++++ PROVIDED RECORDS ++++

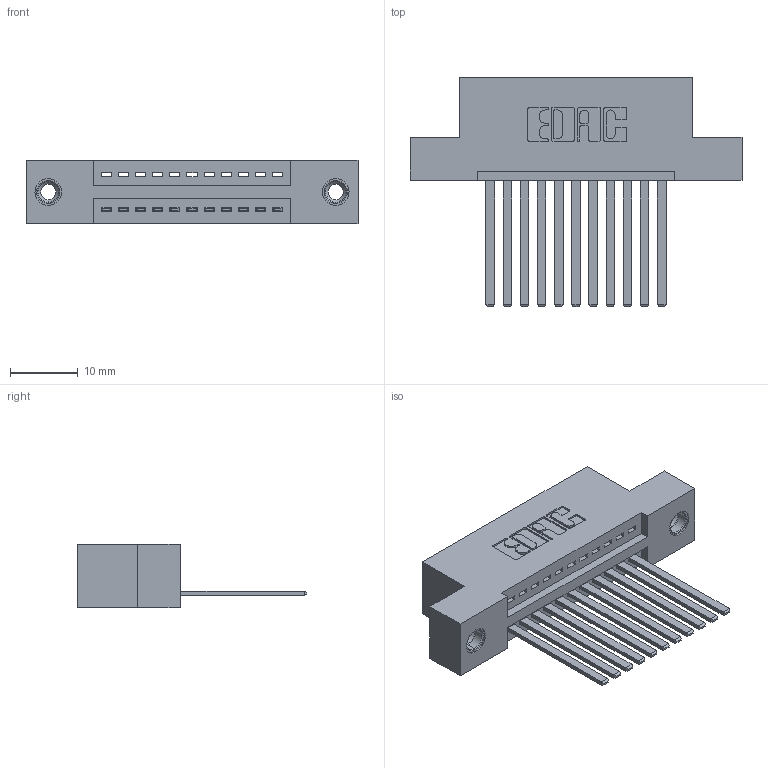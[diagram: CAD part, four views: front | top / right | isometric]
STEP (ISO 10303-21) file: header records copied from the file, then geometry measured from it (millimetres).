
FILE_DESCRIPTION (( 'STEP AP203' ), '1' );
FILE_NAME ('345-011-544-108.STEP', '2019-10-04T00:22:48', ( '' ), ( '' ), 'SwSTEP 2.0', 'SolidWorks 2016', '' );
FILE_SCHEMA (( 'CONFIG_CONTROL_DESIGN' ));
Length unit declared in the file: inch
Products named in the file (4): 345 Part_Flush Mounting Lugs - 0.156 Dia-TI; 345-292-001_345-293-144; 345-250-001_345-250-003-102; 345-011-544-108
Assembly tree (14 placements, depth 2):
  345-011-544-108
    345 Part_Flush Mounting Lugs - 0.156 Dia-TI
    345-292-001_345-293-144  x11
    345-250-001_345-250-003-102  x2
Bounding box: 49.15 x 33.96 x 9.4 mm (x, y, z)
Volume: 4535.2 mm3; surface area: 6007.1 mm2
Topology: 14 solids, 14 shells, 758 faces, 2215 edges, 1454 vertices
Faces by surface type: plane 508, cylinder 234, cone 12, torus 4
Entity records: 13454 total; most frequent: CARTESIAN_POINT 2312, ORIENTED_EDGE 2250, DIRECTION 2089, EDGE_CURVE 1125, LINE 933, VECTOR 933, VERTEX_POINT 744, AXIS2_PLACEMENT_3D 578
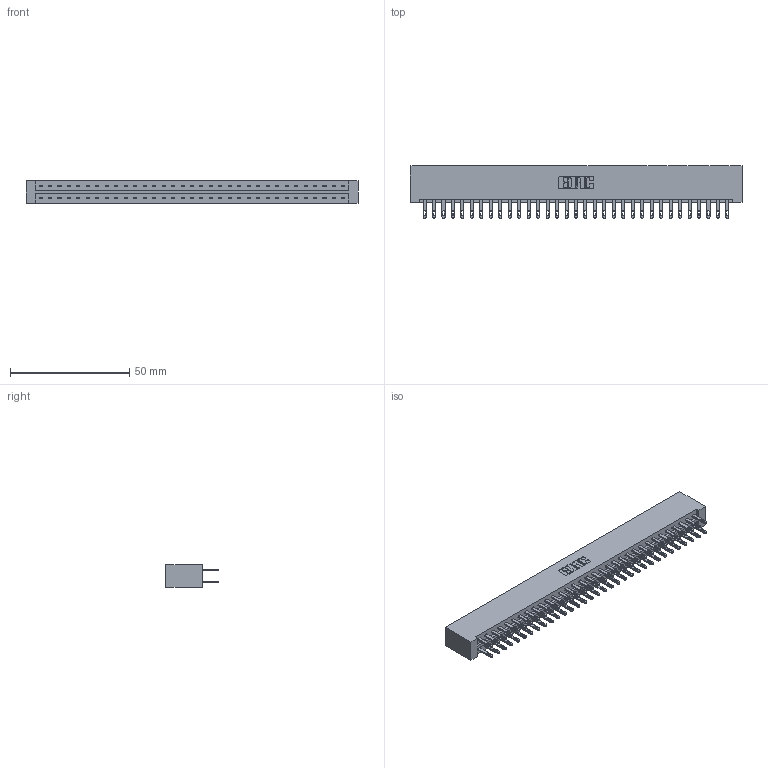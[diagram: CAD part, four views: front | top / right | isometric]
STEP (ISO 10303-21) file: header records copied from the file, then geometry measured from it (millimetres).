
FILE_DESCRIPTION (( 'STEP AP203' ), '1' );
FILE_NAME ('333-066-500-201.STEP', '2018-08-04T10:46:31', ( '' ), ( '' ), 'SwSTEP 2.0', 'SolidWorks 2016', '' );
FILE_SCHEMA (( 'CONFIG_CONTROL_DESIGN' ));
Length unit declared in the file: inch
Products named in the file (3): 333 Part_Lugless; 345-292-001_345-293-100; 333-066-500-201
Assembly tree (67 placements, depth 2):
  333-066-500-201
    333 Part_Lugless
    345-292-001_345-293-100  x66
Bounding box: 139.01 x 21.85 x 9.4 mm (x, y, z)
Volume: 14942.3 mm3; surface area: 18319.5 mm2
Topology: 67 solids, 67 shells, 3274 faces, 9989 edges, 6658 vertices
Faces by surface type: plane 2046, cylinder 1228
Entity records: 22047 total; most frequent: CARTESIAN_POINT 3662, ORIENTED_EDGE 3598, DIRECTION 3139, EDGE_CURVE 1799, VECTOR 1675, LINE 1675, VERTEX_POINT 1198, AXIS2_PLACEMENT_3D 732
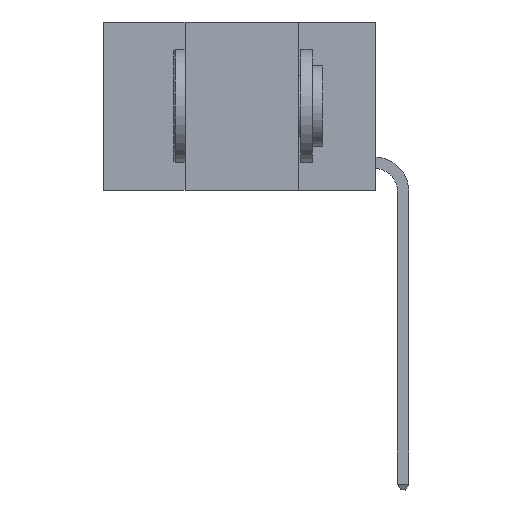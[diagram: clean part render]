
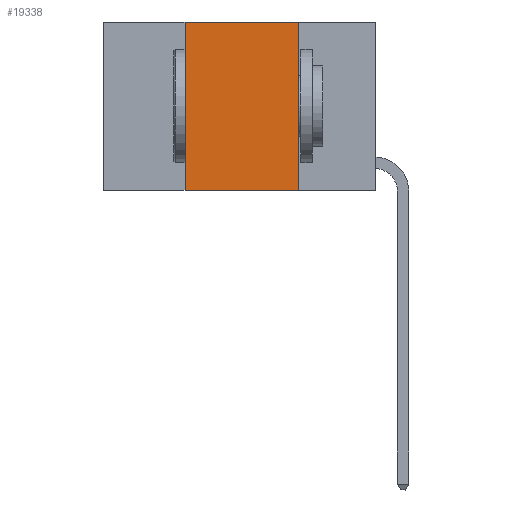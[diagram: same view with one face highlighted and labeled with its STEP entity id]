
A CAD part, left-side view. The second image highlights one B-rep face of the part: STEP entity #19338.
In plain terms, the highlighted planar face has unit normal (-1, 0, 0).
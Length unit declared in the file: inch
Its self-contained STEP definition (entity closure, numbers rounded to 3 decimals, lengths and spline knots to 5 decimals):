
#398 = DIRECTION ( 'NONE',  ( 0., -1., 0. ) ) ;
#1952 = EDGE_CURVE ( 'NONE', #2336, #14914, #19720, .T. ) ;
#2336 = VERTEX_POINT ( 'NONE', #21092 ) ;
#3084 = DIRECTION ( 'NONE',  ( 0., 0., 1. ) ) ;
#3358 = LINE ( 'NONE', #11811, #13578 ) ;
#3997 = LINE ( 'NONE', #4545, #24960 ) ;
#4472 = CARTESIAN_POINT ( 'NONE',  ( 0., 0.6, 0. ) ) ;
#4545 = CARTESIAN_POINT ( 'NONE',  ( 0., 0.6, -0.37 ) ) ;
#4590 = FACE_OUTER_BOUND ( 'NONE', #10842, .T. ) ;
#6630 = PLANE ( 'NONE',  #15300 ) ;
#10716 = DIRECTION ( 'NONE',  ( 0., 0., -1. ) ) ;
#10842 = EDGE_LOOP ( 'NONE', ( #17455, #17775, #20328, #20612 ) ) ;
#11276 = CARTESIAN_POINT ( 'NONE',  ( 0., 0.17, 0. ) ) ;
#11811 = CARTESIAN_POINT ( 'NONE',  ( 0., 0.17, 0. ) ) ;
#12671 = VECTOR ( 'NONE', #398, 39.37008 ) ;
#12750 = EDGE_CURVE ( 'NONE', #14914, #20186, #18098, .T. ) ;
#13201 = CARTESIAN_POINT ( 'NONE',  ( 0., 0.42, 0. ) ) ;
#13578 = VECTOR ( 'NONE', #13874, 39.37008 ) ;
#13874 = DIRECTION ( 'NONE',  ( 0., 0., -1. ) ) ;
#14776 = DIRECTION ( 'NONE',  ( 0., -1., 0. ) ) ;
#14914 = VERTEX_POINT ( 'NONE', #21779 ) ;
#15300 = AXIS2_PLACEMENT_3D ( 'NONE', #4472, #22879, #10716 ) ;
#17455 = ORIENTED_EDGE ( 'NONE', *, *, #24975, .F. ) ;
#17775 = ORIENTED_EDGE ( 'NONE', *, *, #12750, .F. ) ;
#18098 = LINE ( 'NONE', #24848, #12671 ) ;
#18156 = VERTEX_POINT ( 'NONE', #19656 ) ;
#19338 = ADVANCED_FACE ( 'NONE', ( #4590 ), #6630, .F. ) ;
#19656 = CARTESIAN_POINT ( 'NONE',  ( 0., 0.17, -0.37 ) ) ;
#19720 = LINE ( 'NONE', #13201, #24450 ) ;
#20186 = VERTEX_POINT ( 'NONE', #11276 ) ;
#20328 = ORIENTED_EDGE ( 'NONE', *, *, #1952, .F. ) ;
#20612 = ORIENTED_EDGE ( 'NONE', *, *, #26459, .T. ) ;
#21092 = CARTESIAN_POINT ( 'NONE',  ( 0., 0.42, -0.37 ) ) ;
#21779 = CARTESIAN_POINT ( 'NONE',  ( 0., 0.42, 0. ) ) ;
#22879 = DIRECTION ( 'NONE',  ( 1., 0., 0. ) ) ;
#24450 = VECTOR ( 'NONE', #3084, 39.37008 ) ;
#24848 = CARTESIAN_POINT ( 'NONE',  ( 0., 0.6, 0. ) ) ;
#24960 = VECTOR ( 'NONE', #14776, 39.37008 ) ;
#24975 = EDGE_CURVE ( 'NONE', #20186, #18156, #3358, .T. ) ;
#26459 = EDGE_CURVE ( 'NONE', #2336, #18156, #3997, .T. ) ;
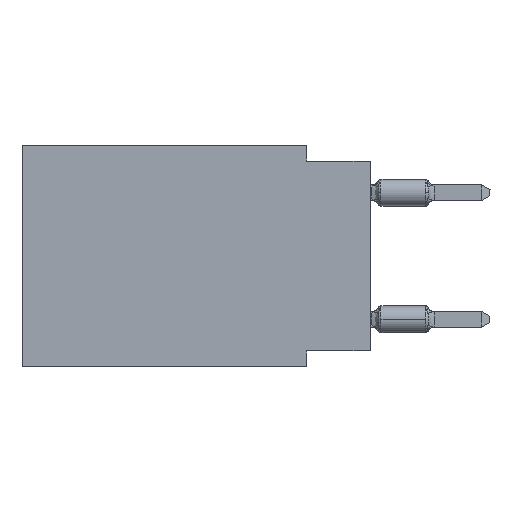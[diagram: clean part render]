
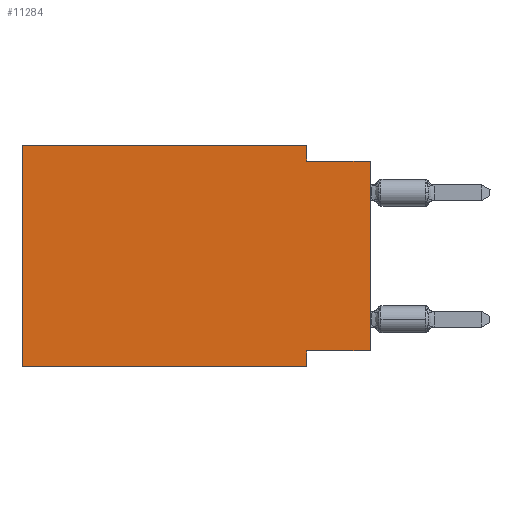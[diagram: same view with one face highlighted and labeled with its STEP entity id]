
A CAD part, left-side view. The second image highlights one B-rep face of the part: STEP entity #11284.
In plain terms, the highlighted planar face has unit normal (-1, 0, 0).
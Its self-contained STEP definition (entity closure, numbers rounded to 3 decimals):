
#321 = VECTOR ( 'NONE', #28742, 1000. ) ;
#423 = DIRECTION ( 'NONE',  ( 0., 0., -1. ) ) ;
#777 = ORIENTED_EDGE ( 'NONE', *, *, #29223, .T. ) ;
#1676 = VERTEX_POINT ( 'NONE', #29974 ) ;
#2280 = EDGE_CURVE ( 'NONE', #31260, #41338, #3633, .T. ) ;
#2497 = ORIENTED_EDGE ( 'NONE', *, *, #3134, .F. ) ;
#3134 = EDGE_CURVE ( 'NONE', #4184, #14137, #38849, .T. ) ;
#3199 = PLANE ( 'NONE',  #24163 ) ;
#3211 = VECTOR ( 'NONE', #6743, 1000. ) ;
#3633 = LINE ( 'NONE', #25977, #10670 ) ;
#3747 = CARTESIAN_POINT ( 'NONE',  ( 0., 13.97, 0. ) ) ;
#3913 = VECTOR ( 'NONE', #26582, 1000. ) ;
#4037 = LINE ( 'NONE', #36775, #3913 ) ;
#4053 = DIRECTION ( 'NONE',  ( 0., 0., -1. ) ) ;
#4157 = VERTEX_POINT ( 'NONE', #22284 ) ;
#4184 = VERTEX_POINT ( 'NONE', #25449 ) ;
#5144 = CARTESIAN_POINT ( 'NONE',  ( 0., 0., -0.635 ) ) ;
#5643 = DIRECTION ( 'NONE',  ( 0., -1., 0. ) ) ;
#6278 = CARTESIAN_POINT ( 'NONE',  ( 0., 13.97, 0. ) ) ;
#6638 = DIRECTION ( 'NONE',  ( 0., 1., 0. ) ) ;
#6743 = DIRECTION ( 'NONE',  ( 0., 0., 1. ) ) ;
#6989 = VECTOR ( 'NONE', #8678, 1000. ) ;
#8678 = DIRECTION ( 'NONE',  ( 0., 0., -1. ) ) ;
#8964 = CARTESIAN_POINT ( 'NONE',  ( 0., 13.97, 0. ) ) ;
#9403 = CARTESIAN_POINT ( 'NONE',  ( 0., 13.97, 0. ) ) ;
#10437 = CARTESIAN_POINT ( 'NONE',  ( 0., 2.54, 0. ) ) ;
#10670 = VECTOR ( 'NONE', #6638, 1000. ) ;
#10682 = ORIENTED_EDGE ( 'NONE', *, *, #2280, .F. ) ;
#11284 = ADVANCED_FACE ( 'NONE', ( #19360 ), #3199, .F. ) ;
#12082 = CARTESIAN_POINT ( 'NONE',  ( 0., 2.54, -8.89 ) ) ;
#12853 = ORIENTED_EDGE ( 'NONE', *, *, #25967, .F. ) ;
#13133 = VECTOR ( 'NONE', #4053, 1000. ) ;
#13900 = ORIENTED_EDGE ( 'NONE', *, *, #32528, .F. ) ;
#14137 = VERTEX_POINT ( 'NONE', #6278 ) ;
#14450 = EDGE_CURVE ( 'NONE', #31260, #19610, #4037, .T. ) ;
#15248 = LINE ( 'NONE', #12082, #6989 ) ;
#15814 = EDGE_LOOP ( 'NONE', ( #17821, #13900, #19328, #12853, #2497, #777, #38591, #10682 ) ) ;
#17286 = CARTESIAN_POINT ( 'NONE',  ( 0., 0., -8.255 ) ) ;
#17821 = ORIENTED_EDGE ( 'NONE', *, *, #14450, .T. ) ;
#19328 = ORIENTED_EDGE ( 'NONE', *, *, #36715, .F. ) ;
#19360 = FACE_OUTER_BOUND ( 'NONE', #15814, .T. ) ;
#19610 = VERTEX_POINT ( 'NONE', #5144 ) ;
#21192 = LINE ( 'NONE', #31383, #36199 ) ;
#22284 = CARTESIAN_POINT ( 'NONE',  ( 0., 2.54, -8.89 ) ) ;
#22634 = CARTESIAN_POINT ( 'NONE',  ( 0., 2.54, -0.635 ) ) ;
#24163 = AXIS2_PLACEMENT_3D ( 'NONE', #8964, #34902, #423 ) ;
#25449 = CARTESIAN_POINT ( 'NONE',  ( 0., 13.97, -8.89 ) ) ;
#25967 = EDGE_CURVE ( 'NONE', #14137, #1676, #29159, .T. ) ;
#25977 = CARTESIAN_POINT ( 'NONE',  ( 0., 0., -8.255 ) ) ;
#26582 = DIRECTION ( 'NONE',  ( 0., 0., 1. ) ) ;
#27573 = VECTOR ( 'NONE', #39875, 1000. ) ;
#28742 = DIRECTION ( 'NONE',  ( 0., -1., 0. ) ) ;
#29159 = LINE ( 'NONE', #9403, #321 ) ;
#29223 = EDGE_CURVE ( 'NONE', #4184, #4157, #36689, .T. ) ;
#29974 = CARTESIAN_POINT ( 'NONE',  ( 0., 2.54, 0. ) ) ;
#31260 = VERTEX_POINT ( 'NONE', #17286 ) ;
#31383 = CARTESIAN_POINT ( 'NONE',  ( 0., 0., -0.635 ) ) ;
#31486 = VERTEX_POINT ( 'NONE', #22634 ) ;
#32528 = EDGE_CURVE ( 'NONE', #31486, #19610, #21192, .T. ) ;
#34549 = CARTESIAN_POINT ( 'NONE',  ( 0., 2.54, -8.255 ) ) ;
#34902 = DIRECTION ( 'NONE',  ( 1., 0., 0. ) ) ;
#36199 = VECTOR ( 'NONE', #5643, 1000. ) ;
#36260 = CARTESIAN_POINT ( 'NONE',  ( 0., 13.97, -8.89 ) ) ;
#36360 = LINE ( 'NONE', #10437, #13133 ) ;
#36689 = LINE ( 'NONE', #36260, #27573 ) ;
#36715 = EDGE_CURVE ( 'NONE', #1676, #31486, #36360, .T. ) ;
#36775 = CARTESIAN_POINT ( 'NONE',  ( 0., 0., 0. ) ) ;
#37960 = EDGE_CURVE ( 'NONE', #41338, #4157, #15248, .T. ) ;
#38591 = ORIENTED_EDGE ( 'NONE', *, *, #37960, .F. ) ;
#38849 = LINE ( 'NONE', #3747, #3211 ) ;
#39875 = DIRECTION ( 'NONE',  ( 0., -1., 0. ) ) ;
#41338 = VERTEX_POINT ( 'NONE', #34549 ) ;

++++

§ TASK: Your answer must be the lines above from the one containing "#12750 = EDGE_CURVE" to the one containing "#15300 = AXIS2_PLACEMENT_3D", both included, restated word for word.

§ RESPONSE BOX:
#12750 = EDGE_CURVE ( 'NONE', #14914, #20186, #18098, .T. ) ;
#13201 = CARTESIAN_POINT ( 'NONE',  ( 0., 0.42, 0. ) ) ;
#13578 = VECTOR ( 'NONE', #13874, 39.37008 ) ;
#13874 = DIRECTION ( 'NONE',  ( 0., 0., -1. ) ) ;
#14776 = DIRECTION ( 'NONE',  ( 0., -1., 0. ) ) ;
#14914 = VERTEX_POINT ( 'NONE', #21779 ) ;
#15300 = AXIS2_PLACEMENT_3D ( 'NONE', #4472, #22879, #10716 ) ;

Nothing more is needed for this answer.